Data excerpts:
..............................

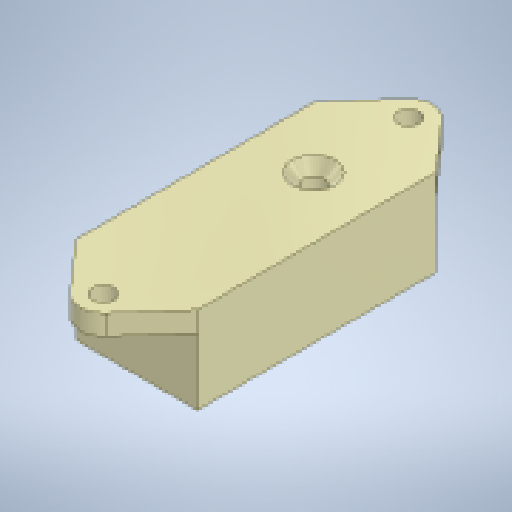
# Autodesk Inventor part: креп_опт
Saved by Autodesk Inventor 2023.1 (Build 271208000, 208)
## iProperties
Created: 2025-12-30
Part Number: креп_опт
Material: Полипропилен
Document SubType Name: Modeling
Designer: DELL
Density: 0.899 g/cm^3
Appearance: Гладкий — пепельный
Author: DELL
Autodesk Inventor part; units mm, degrees
ref_plane "YZ Plane" through (0, 0, 0) normal (1, 0, 0) x (0, 1, 0)
ref_plane "XZ Plane" through (0, 0, 0) normal (0, 1, 0) x (-1, 0, 0)
ref_plane "XY Plane" through (0, 0, 0) normal (0, 0, 1) x (1, 0, 0)
sketch "Эскиз1" plane through (0, 0, 0) normal (0, 1, 0) x (-1, 0, 0)
  line L0 (7.1, -15.85) -> (-7.1, -15.85)
  line L1 (-7.1, -15.85) -> (-7.1, 15.85)
  line L2 (-7.1, 15.85) -> (7.1, 15.85)
  line L3 (7.1, 15.85) -> (7.1, -15.85)
  line L4 (7.1, -15.85) -> (-7.1, 15.85) construction
  line L5 (-7.1, -15.85) -> (7.1, 15.85) construction
  line L6 (9.1, -17.85) -> (-9.1, -17.85)
  line L7 (-9.1, -17.85) -> (-9.1, 17.85)
  line L8 (-9.1, 17.85) -> (9.1, 17.85)
  line L9 (9.1, 17.85) -> (9.1, -17.85)
  point P0 (0, 0)
  dimension "d0" = 14.2
  dimension "d1" = 31.7
  dimension "d2" = 2
  constraints: 20 end point, 4 parallel, 2 midpoint, 2 perpendicular, 1 horizontal, 3 other
  measures "d0" distance of L1.end L2.end
  measures "d1" distance of L2.end L0.start
  measures "d2" distance between parallel lines of L3 L9
extrude "Выдавливание1" add sketch "Эскиз1" along normal blind 10
sketch "Эскиз2" plane through (0, 10, 0) normal (0, 1, 0) x (1, 0, 0)
  line L0 (-9.1, 17.85) -> (-9.1, -17.85) projected
  line L1 (-9.1, -17.85) -> (9.1, -17.85) projected
  line L2 (9.1, -17.85) -> (9.1, 17.85) projected
  line L3 (9.1, 17.85) -> (-9.1, 17.85) projected
  point P0 (0, 0)
extrude "Выдавливание2" add sketch "Эскиз2" along normal blind 3
sketch "Эскиз4" plane through (9.1, 0, -17.85) normal (0, 0, -1) x (-1, 0, 0)
  line L0 (0, 0) -> (0, 13) construction
  line L1 (0, 0) -> (0, 13) construction
  line L2 (0, 0) -> (18.2, 0) construction
  line L3 (18.2, 0) -> (18.2, 13) construction
  line L4 (18.2, 0) -> (18.2, 13) construction
  line L5 (0, 0) -> (0, 13) projected
  line L6 (0, 0) -> (0, 13)
  line L7 (18.2, 0) -> (0, 0) projected
  line L8 (0, 0) -> (18.2, 0)
  line L9 (18.2, 0) -> (18.2, 13)
  line L10 (5.972, 13) -> (0, 13)
  line L11 (0, 13) -> (18.2, 13)
  line L12 (0, 0) -> (0, 13) projected
  line L13 (0, 13) -> (0, 7)
  line L14 (2, 0) -> (2, 10)
  line L15 (2, 10) -> (16.2, 10)
  line L16 (16.2, 10) -> (16.2, 0)
  point P0 (9.1, 0)
  point P1 (18.2, 7)
  point P2 (0, 6.5)
  point P3 (18.2, 6.5)
  point P4 (16.2, 0)
  dimension "d0" = 14.2
  dimension "d15" = 2
  dimension "d16" = 2
  dimension "d53" = 10
  constraints: 18 end point, 4 perpendicular, 3 collinear, 2 midpoint, 2 point on line
  measures "d15" distance from line of point (0, 6.5) L14
  measures "d16" distance from line of point (18.2, 6.5) L16
  measures "d53" distance between parallel lines of L15 L2
extrude "Выдавливание4" cut sketch "Эскиз4" against normal blind 3 contours L14 L15 L16 L7
sketch "Эскиз5" plane through (0, 13, 0) normal (0, 1, 0) x (1, 0, 0)
  line L0 (0, 0) -> (0, -28.4562) construction
  circle A0 centre (0, -22.85) radius 1.6
  circle A1 centre (0, 22.85) radius 1.6
  line L1 (-9.1, -17.85) -> (9.1, -17.85) projected
  line L2 (9.1, 17.85) -> (-9.1, 17.85) projected
  arc A2 (2.6208, 25.1698) -> (-2.6208, 25.1698) centre (0, 22.85) ccw
  arc A3 (-2.6208, -25.1698) -> (2.6208, -25.1698) centre (0, -22.85) ccw
  line L3 (9.1, 17.85) -> (-9.1, 17.85) projected
  line L4 (9.1, 17.85) -> (2.6208, 25.1698)
  line L5 (-9.1, 17.85) -> (-2.6208, 25.1698)
  line L6 (-9.1, -17.85) -> (-2.6208, -25.1698)
  line L7 (9.1, -17.85) -> (9.1, 17.85) projected
  line L8 (9.1, -17.85) -> (2.6208, -25.1698)
  point P0 (7.1, 17.85)
  dimension "d32" = 3.2
  dimension "d33" = 3.2
  dimension "d34" = 5
  dimension "d35" = 5
  dimension "d36" = 7
  dimension "d37" = 7
  constraints: 10 end point, 4 centre point, 4 point on circle, 4 tangent, 2 coincident, 1 point on line, 1 vertical
  measures "d32" diameter of A0
  measures "d33" diameter of A1
  measures "d34" distance from line of L1 A0.centre
  measures "d35" distance from line of L2 A1.centre
  measures "d36" diameter of A2
  measures "d37" diameter of A3
extrude "Выдавливание5" add sketch "Эскиз5" against normal blind 3
sketch "Эскиз6" plane through (0, 10, 0) normal (0, -1, 0) x (1, 0, 0)
  circle A0 centre (0, -8.65) radius 1.5 construction
  circle A1 centre (0, -8.65) radius 1.6
  point P0 (0, 0)
  dimension "d38" = 3.2
  constraints: 1 centre point, 1 coincident
  measures "d38" diameter of A1
extrude "Выдавливание6" cut sketch "Эскиз6" against normal blind 10
chamfer "Фаска1" distance 1.65 angle 45 1 edges at (-1.6, 13, -8.65)
sketch "Эскиз7" plane through (0, 10, 0) normal (0, -1, 0) x (1, 0, 0)
  circle A0 centre (0, -8.65) radius 1.6 projected
  circle A1 centre (0, -8.65) radius 1.6
  circle A2 centre (0, -8.65) radius 2.5
  point P0 (0, 0)
  dimension "d44" = 5
  constraints: 2 centre point, 2 coincident
  measures "d44" diameter of A2
extrude "Выдавливание7" add sketch "Эскиз7" along normal blind 8.4
chamfer "Фаска3" distance 1 angle 45 1 edges at (-2.5, 10, -8.65)
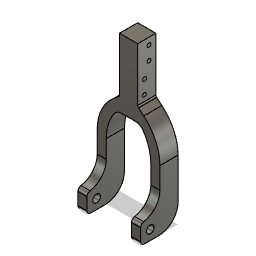
Pedal v1 (Autodesk Fusion 360 design; units mm, degrees)
Autodesk Fusion 360 part; units mm, degrees
sketch "Pedal Shape" plane through (0, 0, 0) normal (0, 0, 1) x (1, 0, 0)
  line L0 (0, 0) -> (0, 89.4421)
  line L1 (0, 89.4421) -> (24.5, 110)
  line L2 (24.5, 110) -> (24.5, 170)
  line L3 (24.5, 170) -> (44.5, 170)
  line L4 (44.5, 170) -> (44.5, 110)
  line L5 (44.5, 110) -> (69, 89.4421)
  line L6 (69, 89.4421) -> (69, 0)
  line L7 (69, 0) -> (59, 0)
  line L8 (59, 0) -> (59, 84.779)
  line L9 (59, 84.779) -> (47.0825, 94.779)
  line L10 (47.0825, 94.779) -> (21.9175, 94.779)
  line L11 (21.9175, 94.779) -> (10, 84.779)
  line L12 (10, 84.779) -> (10, 0)
  line L13 (10, 0) -> (0, 0)
  dimension "d2" = 20
  dimension "d4" = 10
  dimension "d6" = 170
  dimension "d7" = 10
  dimension "d45" = 10
  dimension "d47" = 110
  dimension "d48" = 69
  constraint parallel L0 L2
  constraint perpendicular L2 L3
  constraint perpendicular L3 L4
  constraint perpendicular L3 L6
  constraint perpendicular L6 L7
  constraint perpendicular L7 L8
  constraint parallel L5 L9
  constraint perpendicular L8 L10
  constraint perpendicular L10 L12
  constraint coincident L0.start L13.end
  constraint equal L7 L13
  constraint equal L9 L11
  constraint equal L8 L12
  constraint equal L1 L5
  constraint equal L2 L4
  constraint horizontal L13
  constraint horizontal L7
  constraint collinear L7 L13
  constraint parallel L1 L11
  measures "d2" distance of L2.end L3.end
  measures "d4" distance of L0 L12
  measures "d6" distance of L3 L13
  measures "d7" distance of L5 L9
  measures "d45" distance of L10 L11.end
  measures "d47" distance of L1.end L13
  measures "d48" distance of L0 L6
extrude "Extrude1" add sketch "Pedal Shape" along normal blind 20
sketch "Pivot Point" plane through (0, 0, 0) normal (-1, 0, 0) x (0, 0, 1)
  line L0 (0, 89.4421) -> (0, 0)
  line L1 (0, 0) -> (20, 0)
  line L2 (20, 0) -> (20, 89.4421)
  line L3 (20, 89.4421) -> (0, 89.4421)
  circle A0 centre (30.625, 10.625) radius 4.25
  line L4 (20, 21.25) -> (41.25, 21.25)
  line L5 (41.25, 21.25) -> (41.25, 0)
  line L6 (41.25, 0) -> (20, 0)
  line L7 (20, 21.25) -> (20, 0)
  line L8 (30.625, 21.25) -> (30.625, 0) construction
  dimension "d12" = 8.5
  dimension "d13" = 10.625
  dimension "d16" = 21.25
  dimension "d17" = 21.25
  constraint coincident L2 L4.start
  constraint perpendicular L2 L4
  constraint perpendicular L4 L5
  constraint coincident L1.end L2.start
  constraint perpendicular L2 L6
  constraint midpoint L4 L8.start
  constraint midpoint L6 L8.end
  constraint coincident A0.centre L8
  measures "d12" diameter of A0
  measures "d13" distance of L1 A0.centre
  measures "d16" distance of L4.end L5.end
  measures "d17" distance of L5 L7
extrude "Extrude3" add sketch "Pivot Point" against normal blind 10 contours L2 L4 L5 L6 L7
fillet "Fillet1" radius 21.25 1 edges at (5, 21.25, 20)
fillet "Fillet1" radius 21.25 1 edges at (5, 0, 0)
ref_plane "WorkPlane1" through (34.5, 44.721, 10) normal (1, 0, 0) x (0, 1, 0)
mirror "Mirror1" about plane through (34.5, 44.721, 10) normal (1, 0, 0) of "Extrude3", "Fillet1"
sketch "Pedal and Connector Holes" plane through (44.5, 0, 0) normal (1, 0, 0) x (0, 0, -1)
  line L0 (0, 110) -> (0, 170)
  line L1 (0, 170) -> (-20, 170)
  line L2 (-20, 170) -> (-20, 110)
  line L3 (-20, 110) -> (0, 110)
  circle A0 centre (-12.5, 117.5) radius 2.125
  circle A1 centre (-12.5, 132.5) radius 2.125
  line L4 (-12.5, 105) -> (-12.5, 132.5) construction
  circle A2 centre (-7.5, 162.5) radius 2.125
  circle A3 centre (-7.5, 147.5) radius 2.125
  line L5 (-7.5, 162.5) -> (-7.5, 147.5) construction
  dimension "d27" = 4.25
  dimension "d28" = 4.25
  dimension "d29" = 15
  dimension "d30" = 7.5
  dimension "d33" = 7.5
  dimension "d34" = 4.25
  dimension "d35" = 4.25
  dimension "d36" = 15
  dimension "d37" = 7.5
  dimension "d38" = 7.5
  constraint coincident A1.centre L4.end
  constraint coincident A0.centre L4
  constraint vertical L4
  constraint coincident A2.centre L5.start
  constraint coincident A3.centre L5.end
  constraint vertical L5
  measures "d27" diameter of A0
  measures "d28" diameter of A1
  measures "d29" distance of A0.centre A1.centre
  measures "d30" distance of L3 A0.centre
  measures "d33" distance of L2 L4
  measures "d34" diameter of A3
  measures "d35" diameter of A2
  measures "d36" distance of A2.centre A3.centre
  measures "d37" distance of L0 A2.centre
  measures "d38" distance of L1 A2.centre
extrude "Extrude4" cut sketch "Pedal and Connector Holes" against normal up to surface (20 mm away) contours A0 | A1 | A2 | A3
fillet "Fillet2" radius 50 4 edges at (59, 84.779, 10) (10, 84.779, 10) (0, 89.4421, 10) (69, 89.4421, 10)
fillet "Fillet3" radius 10 2 edges at (47.0825, 94.779, 10) (21.9175, 94.779, 10)
fillet "Fillet4" radius 2.5 2 edges at (24.5, 110, 10) (44.5, 110, 10)
fillet "Fillet5" radius 4 4 edges at (64, 21.25, 41.25) (64, 0, 41.25) (5, 0, 41.25) (5, 21.25, 41.25)
equation "d13 = d12 * 1.25"
equation "d16 = d12 * 2.5"
equation "d17 = d16"
equation "d21 = d17"
equation "d23 = d17"
equation "d26 = -d4"
equation "d36 = d29"
equation "d37 = d33"
equation "d38 = d30"

..............................

What lines of the data include the word "blind"? Copy each of them.

# ANSWER BOX:
extrude "Выдавливание1" add sketch "Эскиз1" along normal blind 10
extrude "Выдавливание2" add sketch "Эскиз2" along normal blind 3
extrude "Выдавливание4" cut sketch "Эскиз4" against normal blind 3 contours L14 L15 L16 L7
extrude "Выдавливание5" add sketch "Эскиз5" against normal blind 3
extrude "Выдавливание6" cut sketch "Эскиз6" against normal blind 10
extrude "Выдавливание7" add sketch "Эскиз7" along normal blind 8.4
extrude "Extrude1" add sketch "Pedal Shape" along normal blind 20
extrude "Extrude3" add sketch "Pivot Point" against normal blind 10 contours L2 L4 L5 L6 L7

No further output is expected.